My Toxic Trait (And the Beautiful Mess of Homeschooling)
- Krystyna
- Jul 30
- 3 min read

My toxic trait?
I love my kids so much that I don’t want anyone else to watch them…
But I also desperately want a break.
I crave total silence for 24 hours…
But I want to be with them every single second.
I want to raise strong, independent kids…
But also keep them in my lap forever.
It’s a paradox only a mama heart can understand.
This season of our life has been full of those contradictions. Full of stretching and growing and redefining what balance looks like when your world revolves around little people and their big emotions. We’re officially homeschooling a sixth grader, a first grader, and juggling a baby brother who can go from melting hearts to meltdown mode in three seconds flat. Well, actually all of them can!
And let me just say… I am in all of my feelings.
Our sixth grader has stepped fully into that in-between space. Old enough to question everything, young enough to still need me for things. She’s been a little bossy, a lot emotional, and not quite sure how to handle the changes happening in her heart and body.
Our first grader, now the “middle child,” has turned into a tiny tornado...not that she wasn't on her way there already. Testing limits, saying things that sting, even acting out in moments of frustration. It’s her way of asking, Do I still matter? Am I still little enough to need you, or big enough to be noticed?
And our baby boy? He’s the joy and the chaos, all in one. He brings the family together with his giggles and then promptly shatters the peace with his newly found "no."
But here’s the thing…
This year, more than any other, I’ve realized:
We are all doing the best we can.
And that is more than enough.
I’ve struggled with guilt because I want a break, but don’t want to miss a moment. I’ve wrestled with doubt because I worry if I’m getting it right when my girls are bickering or my patience is wearing thin. I’ve faced exhaustion because working, homeschooling, homemaking, and just plain mom-ing is holy work, but it’s also hard work.
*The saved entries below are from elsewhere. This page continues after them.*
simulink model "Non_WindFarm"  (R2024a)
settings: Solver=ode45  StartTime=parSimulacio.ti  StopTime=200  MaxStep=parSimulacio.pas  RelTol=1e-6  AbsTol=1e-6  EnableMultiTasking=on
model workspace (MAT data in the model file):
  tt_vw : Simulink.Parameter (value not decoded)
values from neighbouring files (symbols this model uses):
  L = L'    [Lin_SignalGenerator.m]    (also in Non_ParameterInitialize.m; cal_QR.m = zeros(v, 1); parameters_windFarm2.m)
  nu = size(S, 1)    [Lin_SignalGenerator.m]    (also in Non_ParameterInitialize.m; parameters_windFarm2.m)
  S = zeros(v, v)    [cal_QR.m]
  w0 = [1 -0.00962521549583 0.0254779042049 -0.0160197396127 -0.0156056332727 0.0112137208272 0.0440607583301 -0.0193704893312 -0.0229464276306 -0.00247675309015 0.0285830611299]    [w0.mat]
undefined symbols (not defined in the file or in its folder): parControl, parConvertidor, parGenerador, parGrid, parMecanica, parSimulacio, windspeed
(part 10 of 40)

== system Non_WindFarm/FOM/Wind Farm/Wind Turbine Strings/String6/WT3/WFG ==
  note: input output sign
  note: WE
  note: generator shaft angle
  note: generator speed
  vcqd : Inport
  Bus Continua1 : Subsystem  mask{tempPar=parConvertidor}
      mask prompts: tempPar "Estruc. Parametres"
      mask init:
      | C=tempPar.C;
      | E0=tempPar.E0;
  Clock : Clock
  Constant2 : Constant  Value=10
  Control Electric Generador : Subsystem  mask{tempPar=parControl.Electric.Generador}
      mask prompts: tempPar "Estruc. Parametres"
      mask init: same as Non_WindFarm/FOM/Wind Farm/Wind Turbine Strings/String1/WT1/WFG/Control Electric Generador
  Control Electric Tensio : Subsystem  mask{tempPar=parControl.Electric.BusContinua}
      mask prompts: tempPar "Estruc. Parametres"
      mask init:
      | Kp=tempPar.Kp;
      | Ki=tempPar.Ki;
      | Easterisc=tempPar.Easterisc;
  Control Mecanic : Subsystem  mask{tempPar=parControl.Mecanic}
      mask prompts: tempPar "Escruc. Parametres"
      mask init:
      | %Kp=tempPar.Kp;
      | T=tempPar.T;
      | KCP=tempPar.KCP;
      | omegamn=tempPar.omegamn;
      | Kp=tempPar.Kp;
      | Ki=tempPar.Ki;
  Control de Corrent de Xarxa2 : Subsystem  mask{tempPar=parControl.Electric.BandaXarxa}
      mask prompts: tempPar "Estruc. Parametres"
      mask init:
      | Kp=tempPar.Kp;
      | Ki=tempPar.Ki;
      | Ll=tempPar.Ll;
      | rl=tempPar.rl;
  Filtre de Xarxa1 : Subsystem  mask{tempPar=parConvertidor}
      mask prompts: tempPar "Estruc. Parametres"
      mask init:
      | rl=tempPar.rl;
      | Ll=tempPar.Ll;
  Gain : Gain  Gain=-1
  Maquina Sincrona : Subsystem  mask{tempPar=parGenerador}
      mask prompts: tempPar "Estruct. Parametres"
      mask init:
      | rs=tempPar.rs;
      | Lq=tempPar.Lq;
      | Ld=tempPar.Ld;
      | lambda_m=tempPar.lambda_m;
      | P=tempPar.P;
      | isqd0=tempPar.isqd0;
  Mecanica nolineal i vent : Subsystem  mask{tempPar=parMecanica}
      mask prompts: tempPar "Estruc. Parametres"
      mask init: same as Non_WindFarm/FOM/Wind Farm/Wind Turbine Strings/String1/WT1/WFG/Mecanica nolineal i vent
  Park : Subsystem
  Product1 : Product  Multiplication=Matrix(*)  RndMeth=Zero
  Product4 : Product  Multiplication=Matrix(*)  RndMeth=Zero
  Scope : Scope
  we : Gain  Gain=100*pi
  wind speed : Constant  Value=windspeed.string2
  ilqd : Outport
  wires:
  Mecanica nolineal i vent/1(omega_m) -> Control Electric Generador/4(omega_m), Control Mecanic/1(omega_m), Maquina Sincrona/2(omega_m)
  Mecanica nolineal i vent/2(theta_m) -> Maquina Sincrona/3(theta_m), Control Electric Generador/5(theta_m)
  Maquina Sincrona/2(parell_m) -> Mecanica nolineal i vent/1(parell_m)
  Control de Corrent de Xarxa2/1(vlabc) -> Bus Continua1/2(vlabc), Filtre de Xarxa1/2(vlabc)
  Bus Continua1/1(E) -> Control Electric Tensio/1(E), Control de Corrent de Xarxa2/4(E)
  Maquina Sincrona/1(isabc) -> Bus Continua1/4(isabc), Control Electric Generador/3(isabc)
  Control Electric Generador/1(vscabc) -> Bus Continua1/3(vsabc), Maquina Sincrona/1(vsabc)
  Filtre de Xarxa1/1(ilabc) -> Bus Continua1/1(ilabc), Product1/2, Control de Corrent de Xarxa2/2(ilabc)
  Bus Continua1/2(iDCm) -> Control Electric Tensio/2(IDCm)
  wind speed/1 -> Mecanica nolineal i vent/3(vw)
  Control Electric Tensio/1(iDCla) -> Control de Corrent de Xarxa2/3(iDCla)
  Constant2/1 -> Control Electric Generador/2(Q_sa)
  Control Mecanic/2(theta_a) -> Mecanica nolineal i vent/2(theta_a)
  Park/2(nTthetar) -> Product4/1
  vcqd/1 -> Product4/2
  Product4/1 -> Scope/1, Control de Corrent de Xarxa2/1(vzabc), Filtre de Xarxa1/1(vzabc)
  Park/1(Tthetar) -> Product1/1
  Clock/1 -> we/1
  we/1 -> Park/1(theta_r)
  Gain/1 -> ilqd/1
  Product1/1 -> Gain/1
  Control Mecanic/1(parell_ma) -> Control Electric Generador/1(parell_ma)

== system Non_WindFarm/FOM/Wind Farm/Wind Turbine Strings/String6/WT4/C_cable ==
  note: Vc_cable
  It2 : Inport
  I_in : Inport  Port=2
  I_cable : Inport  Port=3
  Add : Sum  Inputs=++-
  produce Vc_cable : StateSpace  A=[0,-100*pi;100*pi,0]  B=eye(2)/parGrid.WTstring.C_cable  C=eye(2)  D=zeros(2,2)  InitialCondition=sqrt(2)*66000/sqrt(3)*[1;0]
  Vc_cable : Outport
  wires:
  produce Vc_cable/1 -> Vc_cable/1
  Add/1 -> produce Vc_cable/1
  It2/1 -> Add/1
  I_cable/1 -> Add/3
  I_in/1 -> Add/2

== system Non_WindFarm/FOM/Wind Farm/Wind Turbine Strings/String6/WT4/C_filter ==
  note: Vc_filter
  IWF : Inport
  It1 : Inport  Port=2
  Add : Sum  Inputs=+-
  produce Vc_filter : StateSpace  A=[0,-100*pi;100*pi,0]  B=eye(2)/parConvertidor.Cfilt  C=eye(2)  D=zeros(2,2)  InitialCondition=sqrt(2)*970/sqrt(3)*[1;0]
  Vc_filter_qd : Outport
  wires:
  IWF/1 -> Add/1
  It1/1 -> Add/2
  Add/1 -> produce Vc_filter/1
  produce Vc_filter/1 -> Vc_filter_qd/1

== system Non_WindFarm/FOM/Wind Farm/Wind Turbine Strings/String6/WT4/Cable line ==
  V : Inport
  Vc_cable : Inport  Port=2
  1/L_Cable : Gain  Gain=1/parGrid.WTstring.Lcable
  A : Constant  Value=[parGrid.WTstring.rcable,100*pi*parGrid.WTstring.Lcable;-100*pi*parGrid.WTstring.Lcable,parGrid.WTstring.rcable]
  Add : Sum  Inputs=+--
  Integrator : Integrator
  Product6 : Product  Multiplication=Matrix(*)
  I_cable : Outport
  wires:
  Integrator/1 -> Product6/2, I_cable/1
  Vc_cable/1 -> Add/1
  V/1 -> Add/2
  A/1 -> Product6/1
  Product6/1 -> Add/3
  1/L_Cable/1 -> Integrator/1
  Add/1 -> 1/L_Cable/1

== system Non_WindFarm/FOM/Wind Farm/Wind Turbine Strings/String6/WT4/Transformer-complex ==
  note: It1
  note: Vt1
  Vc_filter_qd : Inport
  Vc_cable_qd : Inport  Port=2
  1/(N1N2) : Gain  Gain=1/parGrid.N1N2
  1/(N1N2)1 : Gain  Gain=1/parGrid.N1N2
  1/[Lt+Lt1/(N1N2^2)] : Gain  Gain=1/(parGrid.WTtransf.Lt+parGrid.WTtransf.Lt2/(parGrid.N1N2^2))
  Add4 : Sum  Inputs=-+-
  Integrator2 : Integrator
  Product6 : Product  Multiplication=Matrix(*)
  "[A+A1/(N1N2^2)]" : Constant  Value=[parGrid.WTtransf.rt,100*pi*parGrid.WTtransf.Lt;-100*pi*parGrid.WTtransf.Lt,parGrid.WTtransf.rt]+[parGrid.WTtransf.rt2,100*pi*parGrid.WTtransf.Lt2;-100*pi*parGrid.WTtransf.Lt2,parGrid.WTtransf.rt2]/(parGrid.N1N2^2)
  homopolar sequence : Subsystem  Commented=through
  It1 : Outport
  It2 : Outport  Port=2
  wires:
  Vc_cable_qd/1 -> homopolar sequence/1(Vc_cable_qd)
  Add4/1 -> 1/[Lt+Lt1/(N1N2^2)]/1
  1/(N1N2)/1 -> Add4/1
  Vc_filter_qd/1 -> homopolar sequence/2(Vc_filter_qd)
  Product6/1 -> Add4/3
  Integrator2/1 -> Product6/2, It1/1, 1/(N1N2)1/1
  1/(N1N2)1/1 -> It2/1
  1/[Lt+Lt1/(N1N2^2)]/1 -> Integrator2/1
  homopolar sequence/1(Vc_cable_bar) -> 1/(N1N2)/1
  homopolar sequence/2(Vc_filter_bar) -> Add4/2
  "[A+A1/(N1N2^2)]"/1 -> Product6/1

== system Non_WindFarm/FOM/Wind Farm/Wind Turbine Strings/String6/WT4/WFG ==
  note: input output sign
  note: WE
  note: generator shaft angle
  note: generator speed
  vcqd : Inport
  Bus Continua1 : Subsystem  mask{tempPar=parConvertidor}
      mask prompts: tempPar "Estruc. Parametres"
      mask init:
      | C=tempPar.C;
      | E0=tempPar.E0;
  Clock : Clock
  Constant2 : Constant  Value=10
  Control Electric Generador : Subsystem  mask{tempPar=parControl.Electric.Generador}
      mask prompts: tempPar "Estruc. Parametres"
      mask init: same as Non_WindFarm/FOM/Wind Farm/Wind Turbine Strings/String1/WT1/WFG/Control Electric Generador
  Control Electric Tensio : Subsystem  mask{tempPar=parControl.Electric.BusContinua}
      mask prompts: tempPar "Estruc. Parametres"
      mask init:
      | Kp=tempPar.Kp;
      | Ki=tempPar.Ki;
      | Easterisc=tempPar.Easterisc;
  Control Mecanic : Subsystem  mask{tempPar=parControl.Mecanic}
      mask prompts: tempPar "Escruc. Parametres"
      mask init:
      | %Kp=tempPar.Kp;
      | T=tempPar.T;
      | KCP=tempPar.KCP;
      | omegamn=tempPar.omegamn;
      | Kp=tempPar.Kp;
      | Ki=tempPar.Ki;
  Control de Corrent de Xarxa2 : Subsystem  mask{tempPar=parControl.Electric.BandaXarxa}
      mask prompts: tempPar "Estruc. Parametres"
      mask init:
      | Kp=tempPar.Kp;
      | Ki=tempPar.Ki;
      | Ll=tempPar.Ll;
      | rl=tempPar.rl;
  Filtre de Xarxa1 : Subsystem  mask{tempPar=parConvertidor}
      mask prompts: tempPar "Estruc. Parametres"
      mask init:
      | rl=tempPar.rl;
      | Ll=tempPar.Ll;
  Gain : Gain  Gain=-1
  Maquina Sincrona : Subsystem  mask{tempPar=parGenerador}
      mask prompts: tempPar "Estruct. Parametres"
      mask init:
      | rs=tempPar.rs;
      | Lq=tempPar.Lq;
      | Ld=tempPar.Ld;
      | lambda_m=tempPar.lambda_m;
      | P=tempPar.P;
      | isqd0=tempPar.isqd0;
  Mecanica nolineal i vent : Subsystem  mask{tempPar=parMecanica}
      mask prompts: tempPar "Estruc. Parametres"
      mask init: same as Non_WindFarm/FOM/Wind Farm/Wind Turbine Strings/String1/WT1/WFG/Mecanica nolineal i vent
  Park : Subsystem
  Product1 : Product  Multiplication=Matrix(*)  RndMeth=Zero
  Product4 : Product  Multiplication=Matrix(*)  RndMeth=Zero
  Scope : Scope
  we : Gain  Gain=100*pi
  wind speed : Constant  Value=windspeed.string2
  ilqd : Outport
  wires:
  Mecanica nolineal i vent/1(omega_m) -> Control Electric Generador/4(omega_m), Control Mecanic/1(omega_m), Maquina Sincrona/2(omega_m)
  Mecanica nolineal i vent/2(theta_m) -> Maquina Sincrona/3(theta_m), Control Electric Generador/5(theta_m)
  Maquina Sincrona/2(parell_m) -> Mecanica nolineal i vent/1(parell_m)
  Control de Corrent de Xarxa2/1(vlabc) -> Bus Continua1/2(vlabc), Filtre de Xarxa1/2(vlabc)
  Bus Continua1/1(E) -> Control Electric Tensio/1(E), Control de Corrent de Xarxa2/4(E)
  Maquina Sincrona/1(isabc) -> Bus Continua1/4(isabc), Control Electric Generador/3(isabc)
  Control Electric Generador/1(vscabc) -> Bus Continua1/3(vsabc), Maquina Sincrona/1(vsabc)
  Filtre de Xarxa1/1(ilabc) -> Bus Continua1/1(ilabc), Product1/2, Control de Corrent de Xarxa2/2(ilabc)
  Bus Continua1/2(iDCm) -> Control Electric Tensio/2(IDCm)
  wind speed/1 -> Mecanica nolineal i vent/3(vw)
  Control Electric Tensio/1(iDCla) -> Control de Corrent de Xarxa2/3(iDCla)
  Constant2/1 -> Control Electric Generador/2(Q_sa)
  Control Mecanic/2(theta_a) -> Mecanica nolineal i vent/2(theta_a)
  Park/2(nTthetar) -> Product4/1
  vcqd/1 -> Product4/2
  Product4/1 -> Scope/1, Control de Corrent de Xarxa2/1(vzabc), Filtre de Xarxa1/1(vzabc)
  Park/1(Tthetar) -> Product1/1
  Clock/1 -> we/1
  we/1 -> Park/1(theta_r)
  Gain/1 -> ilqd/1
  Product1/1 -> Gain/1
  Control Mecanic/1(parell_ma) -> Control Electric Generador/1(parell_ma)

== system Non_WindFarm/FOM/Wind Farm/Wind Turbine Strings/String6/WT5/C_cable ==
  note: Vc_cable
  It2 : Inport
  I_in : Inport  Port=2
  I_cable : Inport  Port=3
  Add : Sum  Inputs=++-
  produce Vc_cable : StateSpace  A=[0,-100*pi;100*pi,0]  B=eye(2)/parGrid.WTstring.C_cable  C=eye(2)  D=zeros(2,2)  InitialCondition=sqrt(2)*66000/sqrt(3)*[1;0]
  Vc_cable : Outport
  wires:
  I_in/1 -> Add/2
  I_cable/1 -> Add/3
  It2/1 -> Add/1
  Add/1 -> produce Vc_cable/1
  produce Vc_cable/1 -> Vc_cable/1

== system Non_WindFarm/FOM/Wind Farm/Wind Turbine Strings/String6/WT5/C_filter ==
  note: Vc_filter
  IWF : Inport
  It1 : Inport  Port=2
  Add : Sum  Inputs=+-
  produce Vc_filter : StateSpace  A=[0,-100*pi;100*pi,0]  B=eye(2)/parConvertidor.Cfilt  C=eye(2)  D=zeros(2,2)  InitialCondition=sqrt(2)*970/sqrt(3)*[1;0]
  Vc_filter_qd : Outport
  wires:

But I’ve also seen beauty.
I’ve seen my daughters push each other (not physically) and pull each other closer all in the same afternoon. I’ve watched them find confidence in their creativity, freedom in their learning, and comfort in knowing home is their safe place. I’ve witnessed firsthand how messy, imperfect days still bloom with purpose.
Homeschooling isn’t about perfection. It’s about presence.
It’s not about crafting the perfect lesson plan. It’s about meeting your child right where they are. It’s not about quiet, organized days. It’s about finding joy in the noise, in the questions, in the unexpected. It’s not about getting it right. It’s about growing, together.
And sometimes? Growth looks like tantrums, slammed doors, spilled coffee, and forgetting the math book. But growth also looks like whispered apologies, belly laughs during read-alouds, and sleepy “I love yous” at the end of the day.
Maybe your struggle this year is with sibling rivalry, or finances, or just the overwhelming weight of doing it all. Maybe your toddler is into everything, your preteen is emotionally spiraling, or your house looks like a toy tornado hit it.
Friend, you’re not alone.
And you’re not failing.
You’re blooming.
Right there, in the dirt. In the noise. In the exhaustion. In the beautiful mess of homeschooling. You are growing something beautiful and so are your kids.

Because homeschooling isn’t one-size-fits-all.
It’s wild and wonderful and deeply personal.
Each family, each child, each moment, uniquely made.
Just like flowers in a garden, we all grow at our own pace, in our own way.
And that, mama, is what makes this calling so extraordinary.
So here’s to you…
To the mama who wants space, but also closeness.
To the one who second-guesses herself but shows up anyway.
To the one who is exhausted but chooses love again and again.
You are seen.
You are strong.
You are doing sacred work, even when it looks like survival mode.
Let grace be your rhythm, and love be your compass.
Because even in the struggle, you are still blooming.